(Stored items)

- - - - - - -

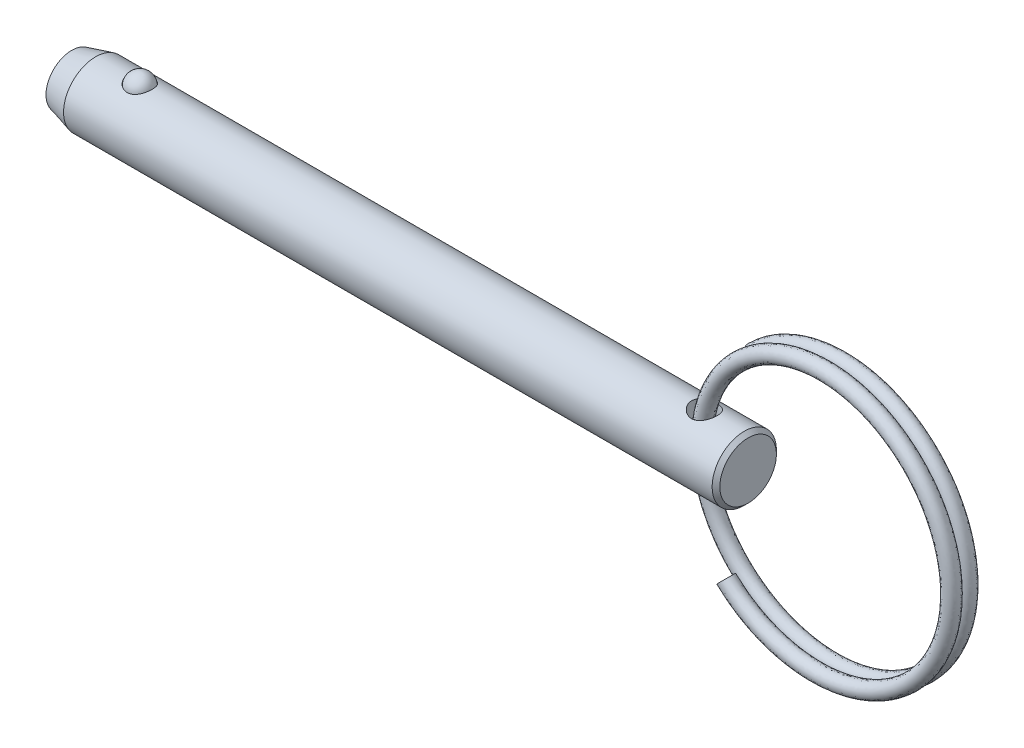
SolidWorks part; units mm, degrees
material "Plain Carbon Steel"
ref_plane "Front" through (0, 0, 0) normal (0, 0, 1) x (1, 0, 0)
ref_plane "Top" through (0, 0, 0) normal (0, 1, 0) x (1, 0, 0)
ref_plane "Right" through (0, 0, 0) normal (1, 0, 0) x (0, 0, -1)
sketch "Sketch1" plane through (0, 0, 0) normal (0, 0, 1) x (1, 0, 0)
  line L0 (33.4264, 2.794) -> (33.0454, 3.175)
  line L1 (33.0454, 3.175) -> (33.4264, 3.175) construction
  line L4 (33.4264, 2.794) -> (33.4264, 0)
  line L5 (33.4264, 3.175) -> (33.4264, 2.794) construction
  line L16 (33.0454, 3.175) -> (-31.0565, 3.175)
  line L17 (-33.4264, 3.175) -> (-33.4264, 2.54) construction
  line L19 (-31.0565, 3.175) -> (-33.4264, 3.175) construction
  line L22 (-33.4264, -3.175) -> (-31.0565, -3.175) construction
  line L23 (-26.6919, 2.8575) -> (-26.6919, -2.8575) construction
  line L24 (-33.4264, 0) -> (33.4264, 0)
  line L27 (33.4264, 0) -> (36.2204, 0) construction
  line L29 (-33.4264, 0) -> (-33.4264, -2.54) construction
  line L36 (27.8384, 0) -> (27.8384, 3.175) construction
  line L37 (-33.4264, 2.54) -> (-33.4264, 0)
  line L38 (-31.0565, -3.175) -> (33.4264, -3.175) construction
  line L39 (-33.4264, -2.54) -> (-33.4264, -3.175) construction
  line L40 (-31.0565, 3.175) -> (-33.4264, 2.54)
  line L42 (-31.0565, -3.175) -> (-33.4264, -2.54) construction
  line L43 (-31.0565, 3.175) -> (-31.0565, -3.175) construction
  circle A2 centre (-26.6919, 2.8575) radius 1.2319 construction
  point P35 (-25.5016, 3.175)
  dimension "A1" = 15
revolve "Revolve1" add sketch "Sketch1" angle 360 about L27
sketch "Sketch2" plane through (0, 0, 0) normal (0, 0, 1) x (1, 0, 0)
  line L0 (-25.4346, 2.8575) -> (-27.9492, 2.8575)
  line L1 (-26.6919, 4.0894) -> (-26.6919, 4.1148) construction
  line L2 (-25.4346, 2.8575) -> (-22.92, 2.8575) construction
  circle A0 centre (-26.6919, 2.8575) radius 1.2319 construction
  circle A1 centre (-26.6919, 2.8575) radius 1.2319 construction
  arc A2 (-27.9492, 2.8575) -> (-25.4346, 2.8575) centre (-26.6919, 2.8575) cw
  dimension "D1" = 0.0254
revolve "Cut-Revolve1" cut sketch "Sketch2" angle 360 about L2
sketch "Sketch3" plane through (0, 0, 0) normal (0, 0, 1) x (1, 0, 0)
  line L0 (-25.46, 2.8575) -> (-27.9238, 2.8575)
  line L1 (-25.46, 2.8575) -> (-22.9962, 2.8575) construction
  circle A0 centre (-26.6919, 2.8575) radius 1.2319 construction
  arc A1 (-25.46, 2.8575) -> (-27.9238, 2.8575) centre (-26.6919, 2.8575) ccw
revolve "Revolve2" add sketch "Sketch3" angle 360 about L1
sketch "Sketch4" plane through (0, 0, 0) normal (0, 0, 1) x (1, 0, 0)
  line L1 (29.1084, -3.175) -> (30.3784, -3.175)
  line L2 (29.1084, -3.175) -> (29.1084, 3.175)
  line L3 (29.1084, 3.175) -> (30.3784, 3.175)
  line L4 (30.3784, -3.175) -> (30.3784, 3.175)
  line L5 (29.1084, -3.175) -> (29.1084, -4.445) construction
  line L6 (30.3784, 3.175) -> (33.4264, 3.175) construction
  line L8 (27.8384, -3.175) -> (27.8384, 3.175) construction
  line L9 (27.8384, 0) -> (29.1084, 0) construction
  line L11 (29.1084, 0) -> (30.3784, 0) construction
  line L12 (33.0454, 3.175) -> (-31.0565, 3.175) construction
  line L14 (-31.0565, -3.175) -> (33.4264, -3.175) construction
  dimension "D1" = 2.54
revolve "Cut-Revolve2" cut sketch "Sketch4" angle 360 about L2
sketch "Sketch5" plane through (0, 0, 0) normal (0, 0, 1) x (1, 0, 0)
  line L0 (0, 0) -> (28.1314, 0) construction
  line L1 (28.1314, 0) -> (28.1314, 3.175) construction
  line L2 (33.0454, 3.175) -> (-31.0565, 3.175) construction
  line L3 (41.5934, 0) -> (55.0554, 0) construction
  line L4 (30.3784, 3.175) -> (30.0854, 3.175) construction
  line L5 (29.1084, 3.175) -> (30.3784, 3.175) construction
  line L6 (28.5112, 3.175) -> (28.5112, -3.175) construction
  line L7 (28.1314, 3.175) -> (27.8384, 3.175) construction
  line L8 (29.1084, -3.175) -> (30.3784, -3.175) construction
  line L9 (28.5112, -3.175) -> (30.3784, -3.175) construction
  line L10 (28.1314, 0) -> (41.5934, 0) construction
  line L12 (30.0854, 3.175) -> (28.5112, 3.175) construction
  line L13 (41.5934, 11.938) -> (41.5934, 13.462) construction
  circle A0 centre (41.5934, 0) radius 13.462
  circle A1 centre (41.5934, 0) radius 11.938 construction
  circle A2 centre (41.5934, 0) radius 12.7 construction
  point P26 (41.5934, 12.7)
curve "Helix/Spiral1" pitch 1.5494 height 1.3557 radius 13.462 left hand yes centre (41.5934, 0, 0) axis (0, 0, -1) start towards (-1, 0, 0)
sketch "Sketch6" plane through (114.0038, 0, 0) normal (0, 1, 0) x (0, 0, -1)
  line L0 (0, 84.3484) -> (0, 85.1104) construction
  line L1 (0, 85.1104) -> (0, 85.8724) construction
  circle A0 centre (0, 85.1104) radius 0.762
  dimension "D1" = 1.524
sketch "Sketch7" plane through (0, 0, 0) normal (0, 0, 1) x (1, 0, 0)
  circle A0 centre (41.5934, 0) radius 13.462 construction
  circle A1 centre (41.5934, 0) radius 13.462
curve "Helix/Spiral2" pitch 1.5494 height 1.3557 radius 13.462 left hand yes centre (41.5934, 0, 0) axis (0, 0, 1) start towards (1, 0, 0)
sweep "Sweep1" add profiles "Sketch6" path "Helix/Spiral1"
sweep "Sweep2" add profiles "Sketch6<2>" path "Helix/Spiral2"
sketch "Sketch6<2>" plane through (114.0038, 0, 0) normal (0, 1, 0) x (0, 0, -1) same geometry as "Sketch6"
equation "\"D12@Sketch1\"=\"A@Sketch1\" * 0.80"
equation "\"D2@Sketch1\"=\"A@Sketch1\" * 0.9"
equation "\"D1@Sketch4\" = \"A@Sketch1\" / 2.5"
equation "\"Ring OD@Sketch5\" = \"R Ring Dia@Sketch5\" * 0.06"
equation "\"D4@Helix/Spiral1\"=\"Ring OD@Sketch5\" + 0.001"
equation "\"D1@Sketch6\"=\"Ring OD@Sketch5\""
equation "\"D4@Helix/Spiral2\" = \"D4@Helix/Spiral1\""
equation "\"D5@Helix/Spiral2\" = \"D5@Helix/Spiral1\""

- - - - - - -

» **Exercise requirements**
Using the data above, reproduce exactly the lines from the line that contains "point P35 (-25.5016, 3.175)" through the line that contains "line L1 (-25.46, 2.8575)", including both.

» **Answer for the task**
  point P35 (-25.5016, 3.175)
  dimension "A1" = 15
revolve "Revolve1" add sketch "Sketch1" angle 360 about L27
sketch "Sketch2" plane through (0, 0, 0) normal (0, 0, 1) x (1, 0, 0)
  line L0 (-25.4346, 2.8575) -> (-27.9492, 2.8575)
  line L1 (-26.6919, 4.0894) -> (-26.6919, 4.1148) construction
  line L2 (-25.4346, 2.8575) -> (-22.92, 2.8575) construction
  circle A0 centre (-26.6919, 2.8575) radius 1.2319 construction
  circle A1 centre (-26.6919, 2.8575) radius 1.2319 construction
  arc A2 (-27.9492, 2.8575) -> (-25.4346, 2.8575) centre (-26.6919, 2.8575) cw
  dimension "D1" = 0.0254
revolve "Cut-Revolve1" cut sketch "Sketch2" angle 360 about L2
sketch "Sketch3" plane through (0, 0, 0) normal (0, 0, 1) x (1, 0, 0)
  line L0 (-25.46, 2.8575) -> (-27.9238, 2.8575)
  line L1 (-25.46, 2.8575) -> (-22.9962, 2.8575) construction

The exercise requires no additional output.